Cedi depreciation: Increase the prime rate to 17% - Razia Khan

Ahead of the central bank’s Monetary Policy Committee (MPC) meeting this week, the head of research at Standard Chartered Bank, Ms Razia Khan, has proposed a raise in the prime rate by 100 basis points (bps), which is one per cent, to 17 per cent.

The call comes at a time when the committee is expected to meet over the depreciation of the cedi among many other matters relating to monetary policy in the country.

The weak strength of the cedi against the major foreign currencies, particularly the US dollar, the British Pound Sterling and the Euro, has caused a lot of anxiety among businesses in the economy.

The prime rate is the rate at which the central bank lends money to the commercial banks in the country. The advice, no matter how positively intended, is expected to anger the private sector which has been complaining about the prevailing interest rates regime in the country.

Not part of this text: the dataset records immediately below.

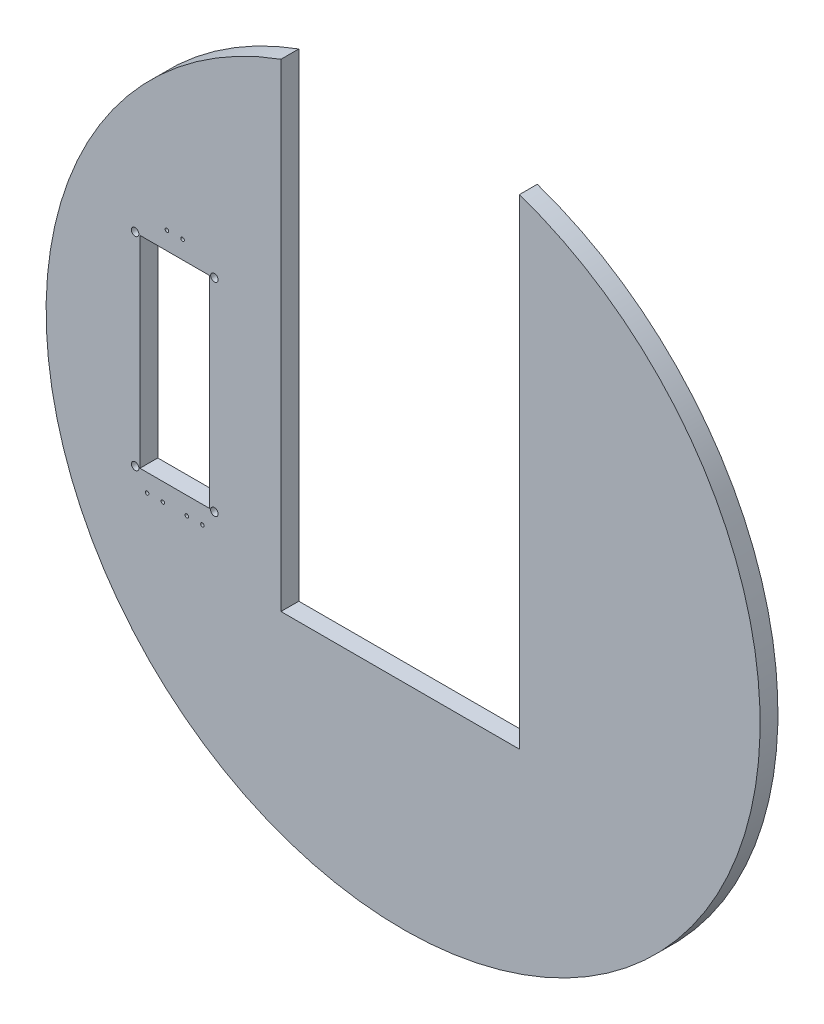
from build123d import *

# Parameters (mm, degrees)
BOSS_EXTRUDE1_DEPTH = 6.35
CUT_EXTRUDE1_REACH  = 209.931
SKETCH2_R           = 1.3335
SKETCH2_W           = 24.765
SKETCH2_H           = 71.755
CUT_EXTRUDE2_REACH  = 209.931
SKETCH3_R           = 0.635


with BuildPart() as part:
    # Sketch1 → Boss-Extrude1 (new body)
    with BuildSketch(Plane.XY):
        with BuildLine():
            Line((41.387169195, 92.71), (41.387169195, -6.35))
            Line((41.387169195, -6.35), (-43.448830805, -6.35))
            Line((-43.448830805, -6.35), (-43.448830805, 92.71))
            Line((-43.448830805, 92.71), (-43.448830805, 163.786495263))
            ThreePointArc((-43.448830805, 163.786495263), (1.093639987, -82.545291061), (41.387169195, 164.517073863))
            Line((41.387169195, 164.517073863), (41.387169195, 92.71))
        make_face()
    extrude(amount=BOSS_EXTRUDE1_DEPTH)

    # Sketch2 → Cut-Extrude1 (cut, up to next)
    with BuildSketch(Plane(origin=(0, 0, 0), x_dir=(-1, 0, 0), z_dir=(0, 0, -1)), mode=Mode.PRIVATE) as cut_extrude1_sk1:
        with Locations((67.134330805, 12.5095)):
            Circle(SKETCH2_R)
    cut_extrude1_tool1 = extrude(cut_extrude1_sk1.sketch, amount=-CUT_EXTRUDE1_REACH, mode=Mode.PRIVATE) & part.part
    # Sketch2 → Cut-Extrude1 (cut, up to next)
    with BuildSketch(Plane(origin=(0, 0, 0), x_dir=(-1, 0, 0), z_dir=(0, 0, -1)), mode=Mode.PRIVATE) as cut_extrude1_sk2:
        with Locations((67.134330805, 84.6455)):
            Circle(SKETCH2_R)
    cut_extrude1_tool2 = extrude(cut_extrude1_sk2.sketch, amount=-CUT_EXTRUDE1_REACH, mode=Mode.PRIVATE) & part.part
    # Sketch2 → Cut-Extrude1 (cut, up to next)
    with BuildSketch(Plane(origin=(0, 0, 0), x_dir=(-1, 0, 0), z_dir=(0, 0, -1)), mode=Mode.PRIVATE) as cut_extrude1_sk3:
        with Locations((95.328330805, 84.6455)):
            Circle(SKETCH2_R)
    cut_extrude1_tool3 = extrude(cut_extrude1_sk3.sketch, amount=-CUT_EXTRUDE1_REACH, mode=Mode.PRIVATE) & part.part
    # Sketch2 → Cut-Extrude1 (cut, up to next)
    with BuildSketch(Plane(origin=(0, 0, 0), x_dir=(-1, 0, 0), z_dir=(0, 0, -1)), mode=Mode.PRIVATE) as cut_extrude1_sk4:
        with Locations((95.328330805, 12.5095)):
            Circle(SKETCH2_R)
    cut_extrude1_tool4 = extrude(cut_extrude1_sk4.sketch, amount=-CUT_EXTRUDE1_REACH, mode=Mode.PRIVATE) & part.part
    # Sketch2 → Cut-Extrude1 (cut, up to next)
    with BuildSketch(Plane(origin=(0, 0, 0), x_dir=(-1, 0, 0), z_dir=(0, 0, -1)), mode=Mode.PRIVATE) as cut_extrude1_sk5:
        with Locations((81.231330805, 48.5775)):
            Rectangle(SKETCH2_W, SKETCH2_H)
    cut_extrude1_tool5 = extrude(cut_extrude1_sk5.sketch, amount=-CUT_EXTRUDE1_REACH, mode=Mode.PRIVATE) & part.part
    add(cut_extrude1_tool1.solids().sort_by_distance((-67.134331, 12.5095, 0))[0], mode=Mode.SUBTRACT)
    add(cut_extrude1_tool2.solids().sort_by_distance((-67.134331, 84.6455, 0))[0], mode=Mode.SUBTRACT)
    add(cut_extrude1_tool3.solids().sort_by_distance((-95.328331, 84.6455, 0))[0], mode=Mode.SUBTRACT)
    add(cut_extrude1_tool4.solids().sort_by_distance((-95.328331, 12.5095, 0))[0], mode=Mode.SUBTRACT)
    add(cut_extrude1_tool5.solids().sort_by_distance((-81.231331, 48.5775, 0))[0], mode=Mode.SUBTRACT)

    # Sketch3 → Cut-Extrude2 (cut, up to next)
    with BuildSketch(Plane.XY.offset(6.35), mode=Mode.PRIVATE) as cut_extrude2_sk1:
        with Locations((-71.388830805, 6.35)):
            Circle(SKETCH3_R)
    cut_extrude2_tool1 = extrude(cut_extrude2_sk1.sketch, amount=-CUT_EXTRUDE2_REACH, mode=Mode.PRIVATE) & part.part
    # Sketch3 → Cut-Extrude2 (cut, up to next)
    with BuildSketch(Plane.XY.offset(6.35), mode=Mode.PRIVATE) as cut_extrude2_sk2:
        with Locations((-76.976830805, 6.35)):
            Circle(SKETCH3_R)
    cut_extrude2_tool2 = extrude(cut_extrude2_sk2.sketch, amount=-CUT_EXTRUDE2_REACH, mode=Mode.PRIVATE) & part.part
    # Sketch3 → Cut-Extrude2 (cut, up to next)
    with BuildSketch(Plane.XY.offset(6.35), mode=Mode.PRIVATE) as cut_extrude2_sk3:
        with Locations((-85.485830805, 6.35)):
            Circle(SKETCH3_R)
    cut_extrude2_tool3 = extrude(cut_extrude2_sk3.sketch, amount=-CUT_EXTRUDE2_REACH, mode=Mode.PRIVATE) & part.part
    # Sketch3 → Cut-Extrude2 (cut, up to next)
    with BuildSketch(Plane.XY.offset(6.35), mode=Mode.PRIVATE) as cut_extrude2_sk4:
        with Locations((-91.073830805, 6.35)):
            Circle(SKETCH3_R)
    cut_extrude2_tool4 = extrude(cut_extrude2_sk4.sketch, amount=-CUT_EXTRUDE2_REACH, mode=Mode.PRIVATE) & part.part
    # Sketch3 → Cut-Extrude2 (cut, up to next)
    with BuildSketch(Plane.XY.offset(6.35), mode=Mode.PRIVATE) as cut_extrude2_sk5:
        with Locations((-78.437330805, 90.805)):
            Circle(SKETCH3_R)
    cut_extrude2_tool5 = extrude(cut_extrude2_sk5.sketch, amount=-CUT_EXTRUDE2_REACH, mode=Mode.PRIVATE) & part.part
    # Sketch3 → Cut-Extrude2 (cut, up to next)
    with BuildSketch(Plane.XY.offset(6.35), mode=Mode.PRIVATE) as cut_extrude2_sk6:
        with Locations((-84.025330805, 90.805)):
            Circle(SKETCH3_R)
    cut_extrude2_tool6 = extrude(cut_extrude2_sk6.sketch, amount=-CUT_EXTRUDE2_REACH, mode=Mode.PRIVATE) & part.part
    add(cut_extrude2_tool1.solids().sort_by_distance((-71.388831, 6.35, 6.35))[0], mode=Mode.SUBTRACT)
    add(cut_extrude2_tool2.solids().sort_by_distance((-76.976831, 6.35, 6.35))[0], mode=Mode.SUBTRACT)
    add(cut_extrude2_tool3.solids().sort_by_distance((-85.485831, 6.35, 6.35))[0], mode=Mode.SUBTRACT)
    add(cut_extrude2_tool4.solids().sort_by_distance((-91.073831, 6.35, 6.35))[0], mode=Mode.SUBTRACT)
    add(cut_extrude2_tool5.solids().sort_by_distance((-78.437331, 90.805, 6.35))[0], mode=Mode.SUBTRACT)
    add(cut_extrude2_tool6.solids().sort_by_distance((-84.025331, 90.805, 6.35))[0], mode=Mode.SUBTRACT)


solid = part.part

Usually, the commercial use of the prime rate is one of the basis for the determination of their base rates and it is expected that once the prime rate rises, they may be forced to push the burden on those who borrow from them to avoid incurring any losses.

Explaining her position, Ms Khan said “even if the assumption is that inflation is driven primarily by one-offs, utility and fuel subsidy adjustment – as the Bank of Ghana has suggested - and that these one-offs may well prove to be temporary given the weakness of demand in Ghana - in our view, tightening now would still be the correct thing to do.”

She said first, with inflation accelerating to 13.5 per cent year on year (y/y) in December, and at risk of rising further, policy had become a lot more accommodative in real terms.

“Tightening by 100 bps now would arguably offset only partially some of the rise in inflation seen since the last rate hike,” Ms Khan said. In real terms, she said the policy remained accommodative – especially taking the magnitude of the fiscal deficit into account.

Weak cedi

On the weakness of the local currency, she said the “Cedi weakness poses additional risks to inflation, even if growth is judged to be relatively subdued”.

Against this background, she further argued that a rate hike would send a strong message about the Bank of Ghana’s commitment to price stability.

“While rate tightening on its own is probably not going to be sufficient to single-handedly restore stability to the FX market – it would nonetheless be an important complement to other efforts by the authorities to raise the attractiveness of cedi-denominated assets”, she said.

In the absence of any tightening, the risk is that the announcement of other measures aimed at stabilising the cedi would be sub-optimal.

According to the head of research at Stanchart, should the Bank of Ghana fail to tighten further now, and should the Ghana cedi remain under pressure, the risk was that inflation might become more generalised, and the bank would have to tighten even more aggressively further out.

“This would raise the cost of domestic debt service in Ghana significantly, potentially crowding out other spending, and weakening growth. For Ghana, this is not an option,” she said.

Ms Khan said the growth trade-off from a modest tightening now was far less severe than an aggressive tightening later, which might put at risk government spending.

“Should inflation in fact improve over the coming months, then there is nothing to stop the Bank of Ghana from reversing any rate hike further out, ”she said, adding that “for now though, inflation is accelerating, and we expect to see a policy response.”